Make sure you have good debug symbols available (you can do this even with a release build, even on embedded devices). You should be able to get a stack trace and hopefully the values of some variables. A good knowledge of assembly language is probably also useful at this point.
My experience is that generally the bug is related to code that is near the area of breakage. That is to say, if you are seeing an issue arising in the function "LoadConfigInfoFromFile" then probably you should start by closely analysing that for issues, rather than "DrawControlsOnScreen", if you know what I mean. "Spooky action at a distance" type bugs do not tend to arise often (although when they do, they tend to be a major bear).
Tracefile is always a good idea.
When it's about crashes, I'm using adplus, which is part of debugging tools for windows. basically what adplus does, is, it attaches windbg to the executable you're monitoring. When the application crashes, you get a crash dump and a log file. You can load the crash dump in your preferred debugger and find out, which instruction lead to the crash.
As release builds are heavily optimized compared to debug builds, the way you compile your code affects its behaviour. This is basically true when crashes in multithreaded code happen in the release version but not the debug version. adplus and windbg helped me, to find out, where this happened.
ADPlus is explained here:
httx://support.microsoft.com/?scid=kb%3Ben-us%3B286350&x=15&y=12
Basically what you have to do is:
1. Download and install WinDbg into C:\debuggers
httx://www.microsoft.com/whdc/devtools/debugging/default.mspx
Start your application
open a cmd and cd to c:\debuggers
start adplus like this:
"adplus.bat -crash your_exe.exe"
reproduce the crash
analyze the crashdump in vs2005 or in windbg
If it's only a small portion of the application that needs debugging then you can change those source files only to be built without optimisations. Presumably you generate debug info for all builds, and so this makes the application run mostly as it would in release, but allows you to debug the interesting parts properly.

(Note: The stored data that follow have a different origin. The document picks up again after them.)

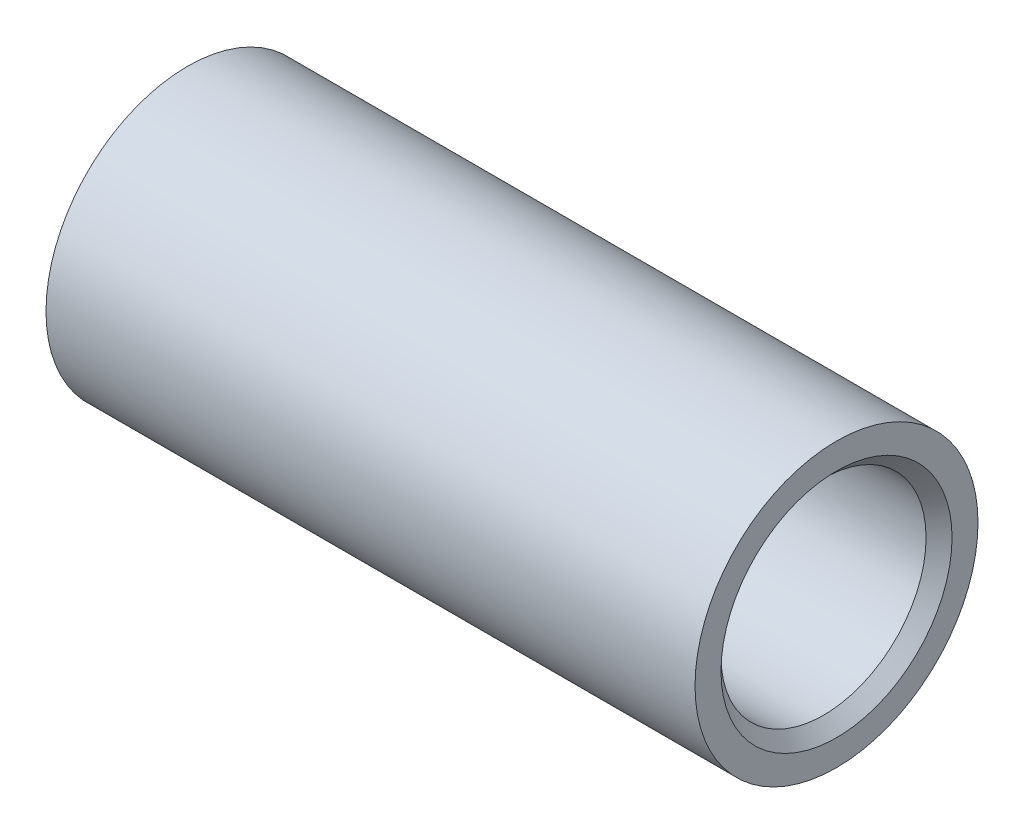
ISO-10303-21;
HEADER;
FILE_DESCRIPTION(('STEP AP214'),'2;1');
FILE_NAME('part.step','',(''),(''),'','','');
FILE_SCHEMA(('AUTOMOTIVE_DESIGN { 1 0 10303 214 1 1 1 1 }'));
ENDSEC;
DATA;
#1=APPLICATION_CONTEXT('core data for automotive mechanical design processes');
#2=APPLICATION_PROTOCOL_DEFINITION('international standard','automotive_design',2000,#1);
#3=PRODUCT_CONTEXT('',#1,'mechanical');
#4=PRODUCT('Part','Part','',(#3));
#5=PRODUCT_RELATED_PRODUCT_CATEGORY('part','',(#4));
#6=PRODUCT_DEFINITION_FORMATION('','',#4);
#7=PRODUCT_DEFINITION_CONTEXT('part definition',#1,'design');
#8=PRODUCT_DEFINITION('design','',#6,#7);
#9=PRODUCT_DEFINITION_SHAPE('','',#8);
#10=(LENGTH_UNIT() NAMED_UNIT(*) SI_UNIT(.MILLI.,.METRE.));
#11=(NAMED_UNIT(*) PLANE_ANGLE_UNIT() SI_UNIT($,.RADIAN.));
#12=(NAMED_UNIT(*) SI_UNIT($,.STERADIAN.) SOLID_ANGLE_UNIT());
#13=UNCERTAINTY_MEASURE_WITH_UNIT(LENGTH_MEASURE(1.E-05),#10,'distance_accuracy_value','');
#14=(GEOMETRIC_REPRESENTATION_CONTEXT(3) GLOBAL_UNCERTAINTY_ASSIGNED_CONTEXT((#13)) GLOBAL_UNIT_ASSIGNED_CONTEXT((#10,
#11,#12)) REPRESENTATION_CONTEXT('',''));
#15=CARTESIAN_POINT('',(0.,0.,0.));
#16=DIRECTION('',(0.,0.,1.));
#17=DIRECTION('',(1.,0.,0.));
#18=AXIS2_PLACEMENT_3D('',#15,#16,#17);
#19=CARTESIAN_POINT('',(0.,2.7686,0.));
#20=DIRECTION('',(1.,0.,0.));
#21=DIRECTION('',(0.,0.,-1.));
#22=AXIS2_PLACEMENT_3D('',#19,#20,#21);
#23=PLANE('',#22);
#24=CARTESIAN_POINT('',(0.,0.,0.));
#25=DIRECTION('',(-1.,0.,0.));
#26=DIRECTION('',(0.,0.,1.));
#27=AXIS2_PLACEMENT_3D('',#24,#25,#26);
#28=CIRCLE('',#27,2.0066);
#29=CARTESIAN_POINT('',(0.,0.,2.0066));
#30=VERTEX_POINT('',#29);
#31=EDGE_CURVE('E91',#30,#30,#28,.T.);
#32=ORIENTED_EDGE('',*,*,#31,.F.);
#33=EDGE_LOOP('',(#32));
#34=FACE_BOUND('',#33,.T.);
#35=CARTESIAN_POINT('',(0.,0.,0.));
#36=DIRECTION('',(-1.,0.,0.));
#37=DIRECTION('',(0.,0.,1.));
#38=AXIS2_PLACEMENT_3D('',#35,#36,#37);
#39=CIRCLE('',#38,2.7686);
#40=CARTESIAN_POINT('',(0.,0.,2.7686));
#41=VERTEX_POINT('',#40);
#42=EDGE_CURVE('E64',#41,#41,#39,.T.);
#43=ORIENTED_EDGE('',*,*,#42,.T.);
#44=EDGE_LOOP('',(#43));
#45=FACE_BOUND('',#44,.T.);
#46=ADVANCED_FACE('F50',(#34,#45),#23,.F.);
#47=CARTESIAN_POINT('',(-4.56175733291189,0.,0.));
#48=DIRECTION('',(-1.,0.,0.));
#49=DIRECTION('',(0.,0.,1.));
#50=AXIS2_PLACEMENT_3D('',#47,#48,#49);
#51=CYLINDRICAL_SURFACE('',#50,2.7686);
#52=ORIENTED_EDGE('',*,*,#42,.F.);
#53=EDGE_LOOP('',(#52));
#54=FACE_BOUND('',#53,.T.);
#55=CARTESIAN_POINT('',(12.7,0.,0.));
#56=DIRECTION('',(-1.,0.,0.));
#57=DIRECTION('',(0.,0.,1.));
#58=AXIS2_PLACEMENT_3D('',#55,#56,#57);
#59=CIRCLE('',#58,2.7686);
#60=CARTESIAN_POINT('',(12.7,0.,2.7686));
#61=VERTEX_POINT('',#60);
#62=EDGE_CURVE('E69',#61,#61,#59,.T.);
#63=ORIENTED_EDGE('',*,*,#62,.T.);
#64=EDGE_LOOP('',(#63));
#65=FACE_BOUND('',#64,.T.);
#66=ADVANCED_FACE('F100',(#54,#65),#51,.T.);
#67=CARTESIAN_POINT('',(12.7,2.7686,0.));
#68=DIRECTION('',(-1.,0.,0.));
#69=DIRECTION('',(0.,0.,1.));
#70=AXIS2_PLACEMENT_3D('',#67,#68,#69);
#71=PLANE('',#70);
#72=CARTESIAN_POINT('',(12.7,0.,0.));
#73=DIRECTION('',(-1.,0.,0.));
#74=DIRECTION('',(0.,0.,1.));
#75=AXIS2_PLACEMENT_3D('',#72,#73,#74);
#76=CIRCLE('',#75,2.2606);
#77=CARTESIAN_POINT('',(12.7,0.,2.2606));
#78=VERTEX_POINT('',#77);
#79=EDGE_CURVE('E59',#78,#78,#76,.T.);
#80=ORIENTED_EDGE('',*,*,#79,.T.);
#81=EDGE_LOOP('',(#80));
#82=FACE_BOUND('',#81,.T.);
#83=ORIENTED_EDGE('',*,*,#62,.F.);
#84=EDGE_LOOP('',(#83));
#85=FACE_BOUND('',#84,.T.);
#86=ADVANCED_FACE('F105',(#82,#85),#71,.F.);
#87=CARTESIAN_POINT('',(-4.56175733291189,0.,0.));
#88=DIRECTION('',(-1.,0.,0.));
#89=DIRECTION('',(0.,0.,1.));
#90=AXIS2_PLACEMENT_3D('',#87,#88,#89);
#91=CYLINDRICAL_SURFACE('',#90,2.0066);
#92=CARTESIAN_POINT('',(12.446,0.,0.));
#93=DIRECTION('',(-1.,0.,0.));
#94=DIRECTION('',(0.,0.,1.));
#95=AXIS2_PLACEMENT_3D('',#92,#93,#94);
#96=CIRCLE('',#95,2.0066);
#97=CARTESIAN_POINT('',(12.446,0.,2.0066));
#98=VERTEX_POINT('',#97);
#99=EDGE_CURVE('E12',#98,#98,#96,.F.);
#100=ORIENTED_EDGE('',*,*,#99,.T.);
#101=EDGE_LOOP('',(#100));
#102=FACE_BOUND('',#101,.T.);
#103=CARTESIAN_POINT('',(4.3434,0.,0.));
#104=DIRECTION('',(-1.,0.,0.));
#105=DIRECTION('',(0.,0.,1.));
#106=AXIS2_PLACEMENT_3D('',#103,#104,#105);
#107=CIRCLE('',#106,2.0066);
#108=CARTESIAN_POINT('',(4.3434,0.,2.0066));
#109=VERTEX_POINT('',#108);
#110=EDGE_CURVE('E75',#109,#109,#107,.T.);
#111=ORIENTED_EDGE('',*,*,#110,.T.);
#112=EDGE_LOOP('',(#111));
#113=FACE_BOUND('',#112,.T.);
#114=ADVANCED_FACE('F110',(#102,#113),#91,.F.);
#115=CARTESIAN_POINT('',(2.4531587330311,0.,0.));
#116=DIRECTION('',(-1.,0.,0.));
#117=DIRECTION('',(0.,0.,1.));
#118=AXIS2_PLACEMENT_3D('',#115,#116,#117);
#119=DEGENERATE_TOROIDAL_SURFACE('',#118,0.30995980459975,2.54,.T.);
#120=ORIENTED_EDGE('',*,*,#110,.F.);
#121=EDGE_LOOP('',(#120));
#122=FACE_BOUND('',#121,.T.);
#123=CARTESIAN_POINT('',(4.99216509195135,0.,0.));
#124=DIRECTION('',(-1.,0.,0.));
#125=DIRECTION('',(0.,0.,1.));
#126=AXIS2_PLACEMENT_3D('',#123,#124,#125);
#127=CIRCLE('',#126,0.381);
#128=CARTESIAN_POINT('',(4.99216509195135,0.,0.381));
#129=VERTEX_POINT('',#128);
#130=EDGE_CURVE('E79',#129,#129,#127,.T.);
#131=ORIENTED_EDGE('',*,*,#130,.T.);
#132=EDGE_LOOP('',(#131));
#133=FACE_BOUND('',#132,.T.);
#134=ADVANCED_FACE('F115',(#122,#133),#119,.T.);
#135=CARTESIAN_POINT('',(-4.56175733291189,0.,0.));
#136=DIRECTION('',(-1.,0.,0.));
#137=DIRECTION('',(0.,0.,1.));
#138=AXIS2_PLACEMENT_3D('',#135,#136,#137);
#139=CYLINDRICAL_SURFACE('',#138,0.381);
#140=ORIENTED_EDGE('',*,*,#130,.F.);
#141=EDGE_LOOP('',(#140));
#142=FACE_BOUND('',#141,.T.);
#143=CARTESIAN_POINT('',(4.48416509195135,0.,0.));
#144=DIRECTION('',(-1.,0.,0.));
#145=DIRECTION('',(0.,0.,1.));
#146=AXIS2_PLACEMENT_3D('',#143,#144,#145);
#147=CIRCLE('',#146,0.381);
#148=CARTESIAN_POINT('',(4.48416509195135,0.,0.381));
#149=VERTEX_POINT('',#148);
#150=EDGE_CURVE('E83',#149,#149,#147,.T.);
#151=ORIENTED_EDGE('',*,*,#150,.T.);
#152=EDGE_LOOP('',(#151));
#153=FACE_BOUND('',#152,.T.);
#154=ADVANCED_FACE('F120',(#142,#153),#139,.F.);
#155=CARTESIAN_POINT('',(1.9451587330311,0.,0.));
#156=DIRECTION('',(-1.,0.,0.));
#157=DIRECTION('',(0.,0.,1.));
#158=AXIS2_PLACEMENT_3D('',#155,#156,#157);
#159=DEGENERATE_TOROIDAL_SURFACE('',#158,0.309959804599751,2.54,.T.);
#160=ORIENTED_EDGE('',*,*,#150,.F.);
#161=EDGE_LOOP('',(#160));
#162=FACE_BOUND('',#161,.T.);
#163=CARTESIAN_POINT('',(3.8354,0.,0.));
#164=DIRECTION('',(-1.,0.,0.));
#165=DIRECTION('',(0.,0.,1.));
#166=AXIS2_PLACEMENT_3D('',#163,#164,#165);
#167=CIRCLE('',#166,2.0066);
#168=CARTESIAN_POINT('',(3.8354,0.,2.0066));
#169=VERTEX_POINT('',#168);
#170=EDGE_CURVE('E87',#169,#169,#167,.T.);
#171=ORIENTED_EDGE('',*,*,#170,.T.);
#172=EDGE_LOOP('',(#171));
#173=FACE_BOUND('',#172,.T.);
#174=ADVANCED_FACE('F124',(#162,#173),#159,.F.);
#175=CARTESIAN_POINT('',(-4.56175733291189,0.,0.));
#176=DIRECTION('',(-1.,0.,0.));
#177=DIRECTION('',(0.,0.,1.));
#178=AXIS2_PLACEMENT_3D('',#175,#176,#177);
#179=CYLINDRICAL_SURFACE('',#178,2.0066);
#180=ORIENTED_EDGE('',*,*,#170,.F.);
#181=EDGE_LOOP('',(#180));
#182=FACE_BOUND('',#181,.T.);
#183=ORIENTED_EDGE('',*,*,#31,.T.);
#184=EDGE_LOOP('',(#183));
#185=FACE_BOUND('',#184,.T.);
#186=ADVANCED_FACE('F96',(#182,#185),#179,.F.);
#187=CARTESIAN_POINT('',(12.7,0.,0.));
#188=DIRECTION('',(1.,0.,0.));
#189=DIRECTION('',(0.,0.,-1.));
#190=AXIS2_PLACEMENT_3D('',#187,#188,#189);
#191=CONICAL_SURFACE('',#190,2.2606,0.785398163397444);
#192=ORIENTED_EDGE('',*,*,#99,.F.);
#193=EDGE_LOOP('',(#192));
#194=FACE_BOUND('',#193,.T.);
#195=ORIENTED_EDGE('',*,*,#79,.F.);
#196=EDGE_LOOP('',(#195));
#197=FACE_BOUND('',#196,.T.);
#198=ADVANCED_FACE('F53',(#194,#197),#191,.F.);
#199=CLOSED_SHELL('',(#46,#66,#86,#114,#134,#154,#174,#186,#198));
#200=MANIFOLD_SOLID_BREP('B2',#199);
#201=ADVANCED_BREP_SHAPE_REPRESENTATION('',(#18,#200),#14);
#202=SHAPE_DEFINITION_REPRESENTATION(#9,#201);
ENDSEC;
END-ISO-10303-21;

How about using Trace statements. They are there for Release mode value checking.
Trace.WriteLine(myVar);
I agree on log file debugging to narrow it down.
I've used "Entering FunctionName" "Leaving FunctionName" until I can find what method it enters before the crash. Then I add more log messages re-compile and re-release.
Besides playing with turning off optimization and/or turning on debug information for your Release build as pauldoo said, a log file will good data can really help. I once wrote a "trace" app that would capture trace logs for the app if it was running when the release build started (otherwise the results would go to the debugger's output window if running under the debugger). I was able to have end-users email me log files from them reproducing the bugs they were seeing, and it was the only way I would have found the problem in at least one case.
Though it's probably not usable in an embedded environment, I've had good luck with WinDbg for debugging release-mode Windows applications. Even if the application is not compiled with symbol information, you can at least get a usable stack trace and plenty of other useful crash information.
You could also copy your debug symbols to the production environment even if it's compiled in relase mode
Here's an article with more information
If you problem is synchronization related dumping log in the file might be problematic.
In this case i usually will use some big array of string and dump this to screen/file after the problem was reproduces.
This is of course depend on your memory restriction, sometime i use just few symbols and numbers to store in the array if the memory on the platform is limited. Reading such logs is not a big pleasure, but sometimes this is the only choice.